◆ Work item ◆
Copy, exactly and without additions, every line in the records below from the one holding "#26=DIRECTION('',(0.,0.,-1.));" through the one holding "#44=EDGE_CURVE('E163',#41,#43,#39,.T.);", both ends included.

Start of Exercise data

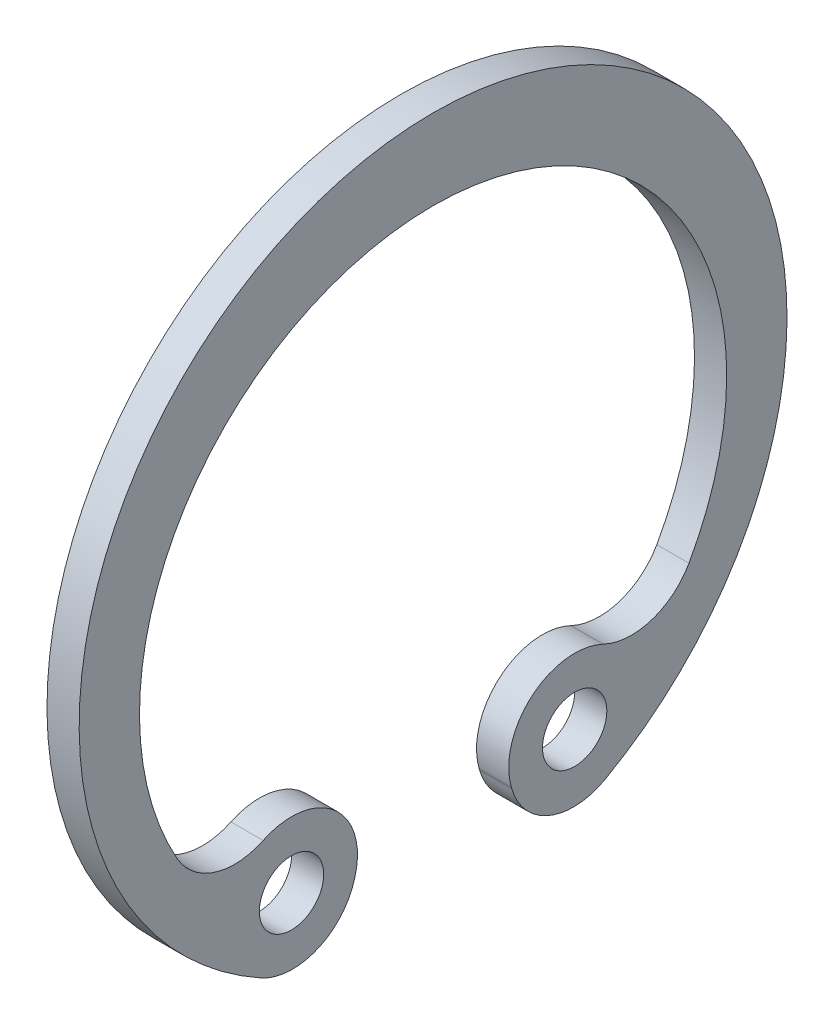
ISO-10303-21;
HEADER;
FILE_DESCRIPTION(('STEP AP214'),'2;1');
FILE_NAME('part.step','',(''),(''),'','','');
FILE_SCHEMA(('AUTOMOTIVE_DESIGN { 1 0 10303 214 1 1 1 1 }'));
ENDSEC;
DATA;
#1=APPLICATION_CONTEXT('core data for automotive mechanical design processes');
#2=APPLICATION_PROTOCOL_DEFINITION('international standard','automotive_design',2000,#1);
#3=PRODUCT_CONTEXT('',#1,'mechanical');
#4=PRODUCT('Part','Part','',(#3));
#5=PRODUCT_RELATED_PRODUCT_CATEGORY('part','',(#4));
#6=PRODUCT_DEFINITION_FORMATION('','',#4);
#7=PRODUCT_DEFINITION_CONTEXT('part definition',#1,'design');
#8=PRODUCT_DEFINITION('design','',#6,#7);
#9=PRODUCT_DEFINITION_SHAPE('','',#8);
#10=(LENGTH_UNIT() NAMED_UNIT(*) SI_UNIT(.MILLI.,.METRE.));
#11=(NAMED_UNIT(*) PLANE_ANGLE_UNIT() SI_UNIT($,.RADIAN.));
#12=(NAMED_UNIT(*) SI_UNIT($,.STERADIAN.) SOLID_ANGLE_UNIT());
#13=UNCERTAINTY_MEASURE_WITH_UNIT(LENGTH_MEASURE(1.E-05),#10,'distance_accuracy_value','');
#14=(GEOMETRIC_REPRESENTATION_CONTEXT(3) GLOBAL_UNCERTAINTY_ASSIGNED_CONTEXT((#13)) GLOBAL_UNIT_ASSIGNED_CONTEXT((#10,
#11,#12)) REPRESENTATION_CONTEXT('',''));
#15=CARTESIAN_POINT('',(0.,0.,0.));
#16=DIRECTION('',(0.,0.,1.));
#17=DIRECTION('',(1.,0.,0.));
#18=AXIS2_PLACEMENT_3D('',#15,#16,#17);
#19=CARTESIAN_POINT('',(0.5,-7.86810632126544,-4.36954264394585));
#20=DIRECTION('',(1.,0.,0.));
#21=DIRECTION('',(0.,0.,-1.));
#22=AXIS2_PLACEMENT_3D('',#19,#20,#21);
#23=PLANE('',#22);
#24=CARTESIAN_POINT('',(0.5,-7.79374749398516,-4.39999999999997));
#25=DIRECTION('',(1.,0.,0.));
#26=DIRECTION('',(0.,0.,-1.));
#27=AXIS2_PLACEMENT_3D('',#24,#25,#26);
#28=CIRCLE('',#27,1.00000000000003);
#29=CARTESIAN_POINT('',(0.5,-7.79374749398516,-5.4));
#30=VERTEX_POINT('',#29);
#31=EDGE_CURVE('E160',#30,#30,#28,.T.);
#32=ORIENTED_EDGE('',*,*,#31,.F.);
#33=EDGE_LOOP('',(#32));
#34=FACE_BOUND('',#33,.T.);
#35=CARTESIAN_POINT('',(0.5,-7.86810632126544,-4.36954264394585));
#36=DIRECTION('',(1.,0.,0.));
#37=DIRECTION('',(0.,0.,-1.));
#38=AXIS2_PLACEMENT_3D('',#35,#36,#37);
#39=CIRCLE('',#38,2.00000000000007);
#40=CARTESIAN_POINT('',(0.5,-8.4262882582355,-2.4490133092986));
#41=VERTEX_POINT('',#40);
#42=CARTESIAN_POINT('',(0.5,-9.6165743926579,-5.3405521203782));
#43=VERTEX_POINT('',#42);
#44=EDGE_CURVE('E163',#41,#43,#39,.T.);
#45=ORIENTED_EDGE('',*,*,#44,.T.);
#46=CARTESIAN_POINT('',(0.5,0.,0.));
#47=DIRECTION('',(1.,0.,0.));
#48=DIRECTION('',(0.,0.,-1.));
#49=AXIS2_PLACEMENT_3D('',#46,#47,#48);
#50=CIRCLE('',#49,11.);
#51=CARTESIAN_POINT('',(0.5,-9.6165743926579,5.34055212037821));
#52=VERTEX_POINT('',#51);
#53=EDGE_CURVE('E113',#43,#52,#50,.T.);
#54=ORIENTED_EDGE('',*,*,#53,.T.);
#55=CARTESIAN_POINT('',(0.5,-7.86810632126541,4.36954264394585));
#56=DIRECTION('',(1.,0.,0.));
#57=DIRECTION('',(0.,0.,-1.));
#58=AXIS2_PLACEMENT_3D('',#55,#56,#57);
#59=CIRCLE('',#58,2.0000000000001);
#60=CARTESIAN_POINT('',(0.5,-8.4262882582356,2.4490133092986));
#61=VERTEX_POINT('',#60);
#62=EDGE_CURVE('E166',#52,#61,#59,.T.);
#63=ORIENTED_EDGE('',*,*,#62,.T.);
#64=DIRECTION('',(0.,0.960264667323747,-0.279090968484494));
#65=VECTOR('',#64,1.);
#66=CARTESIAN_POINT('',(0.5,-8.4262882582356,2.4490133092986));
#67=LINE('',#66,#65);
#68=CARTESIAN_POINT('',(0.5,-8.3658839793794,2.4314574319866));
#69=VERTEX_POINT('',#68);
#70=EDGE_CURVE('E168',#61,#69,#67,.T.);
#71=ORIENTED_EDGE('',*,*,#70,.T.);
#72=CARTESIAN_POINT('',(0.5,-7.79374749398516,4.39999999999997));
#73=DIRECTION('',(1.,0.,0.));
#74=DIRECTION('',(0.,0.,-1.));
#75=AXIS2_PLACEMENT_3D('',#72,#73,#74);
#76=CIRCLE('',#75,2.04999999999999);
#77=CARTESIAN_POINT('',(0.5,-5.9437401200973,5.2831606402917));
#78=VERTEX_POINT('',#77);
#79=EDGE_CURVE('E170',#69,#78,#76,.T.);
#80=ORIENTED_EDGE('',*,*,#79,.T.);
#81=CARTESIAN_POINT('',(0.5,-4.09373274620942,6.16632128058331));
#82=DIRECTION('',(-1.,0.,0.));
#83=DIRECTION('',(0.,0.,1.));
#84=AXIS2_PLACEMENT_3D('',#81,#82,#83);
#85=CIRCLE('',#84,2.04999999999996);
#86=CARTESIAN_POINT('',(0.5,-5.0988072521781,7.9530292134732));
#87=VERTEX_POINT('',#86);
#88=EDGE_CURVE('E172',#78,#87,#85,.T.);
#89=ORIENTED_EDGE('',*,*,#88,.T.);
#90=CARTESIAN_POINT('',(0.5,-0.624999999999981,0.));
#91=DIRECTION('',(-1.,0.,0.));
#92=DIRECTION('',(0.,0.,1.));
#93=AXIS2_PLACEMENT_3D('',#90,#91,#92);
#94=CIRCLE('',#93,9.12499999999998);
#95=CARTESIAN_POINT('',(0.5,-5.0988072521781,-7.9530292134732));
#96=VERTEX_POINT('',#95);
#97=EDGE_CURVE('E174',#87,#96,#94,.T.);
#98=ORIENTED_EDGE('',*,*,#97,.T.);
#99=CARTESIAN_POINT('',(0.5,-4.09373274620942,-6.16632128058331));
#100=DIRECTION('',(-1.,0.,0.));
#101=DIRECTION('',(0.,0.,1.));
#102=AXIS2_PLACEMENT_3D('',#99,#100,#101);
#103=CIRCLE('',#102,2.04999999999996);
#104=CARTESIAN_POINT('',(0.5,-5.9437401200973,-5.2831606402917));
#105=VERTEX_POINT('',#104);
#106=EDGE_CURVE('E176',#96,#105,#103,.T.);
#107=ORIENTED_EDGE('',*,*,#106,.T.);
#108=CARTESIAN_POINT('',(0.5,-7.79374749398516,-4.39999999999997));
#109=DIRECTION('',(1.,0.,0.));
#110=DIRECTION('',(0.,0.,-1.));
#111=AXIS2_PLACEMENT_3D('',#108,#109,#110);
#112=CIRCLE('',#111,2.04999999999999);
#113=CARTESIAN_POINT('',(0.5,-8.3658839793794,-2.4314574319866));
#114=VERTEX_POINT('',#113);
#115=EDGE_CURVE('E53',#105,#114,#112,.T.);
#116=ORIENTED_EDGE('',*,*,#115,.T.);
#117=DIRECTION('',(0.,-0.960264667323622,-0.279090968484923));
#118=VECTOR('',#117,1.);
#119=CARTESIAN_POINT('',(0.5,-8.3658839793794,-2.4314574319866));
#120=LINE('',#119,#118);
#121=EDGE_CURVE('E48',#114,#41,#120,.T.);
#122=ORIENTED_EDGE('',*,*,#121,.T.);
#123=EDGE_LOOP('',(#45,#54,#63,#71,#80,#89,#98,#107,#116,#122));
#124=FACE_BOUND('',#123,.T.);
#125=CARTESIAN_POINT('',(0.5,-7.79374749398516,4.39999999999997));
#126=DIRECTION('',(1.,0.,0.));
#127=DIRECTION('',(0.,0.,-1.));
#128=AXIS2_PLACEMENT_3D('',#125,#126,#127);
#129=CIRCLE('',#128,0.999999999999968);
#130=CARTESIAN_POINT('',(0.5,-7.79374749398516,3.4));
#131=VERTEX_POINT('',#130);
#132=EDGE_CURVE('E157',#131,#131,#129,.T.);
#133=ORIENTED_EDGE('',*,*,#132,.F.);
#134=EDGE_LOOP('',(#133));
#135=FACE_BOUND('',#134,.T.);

End of Exercise data

◆ Answer to the exercise ◆
#26=DIRECTION('',(0.,0.,-1.));
#27=AXIS2_PLACEMENT_3D('',#24,#25,#26);
#28=CIRCLE('',#27,1.00000000000003);
#29=CARTESIAN_POINT('',(0.5,-7.79374749398516,-5.4));
#30=VERTEX_POINT('',#29);
#31=EDGE_CURVE('E160',#30,#30,#28,.T.);
#32=ORIENTED_EDGE('',*,*,#31,.F.);
#33=EDGE_LOOP('',(#32));
#34=FACE_BOUND('',#33,.T.);
#35=CARTESIAN_POINT('',(0.5,-7.86810632126544,-4.36954264394585));
#36=DIRECTION('',(1.,0.,0.));
#37=DIRECTION('',(0.,0.,-1.));
#38=AXIS2_PLACEMENT_3D('',#35,#36,#37);
#39=CIRCLE('',#38,2.00000000000007);
#40=CARTESIAN_POINT('',(0.5,-8.4262882582355,-2.4490133092986));
#41=VERTEX_POINT('',#40);
#42=CARTESIAN_POINT('',(0.5,-9.6165743926579,-5.3405521203782));
#43=VERTEX_POINT('',#42);
#44=EDGE_CURVE('E163',#41,#43,#39,.T.);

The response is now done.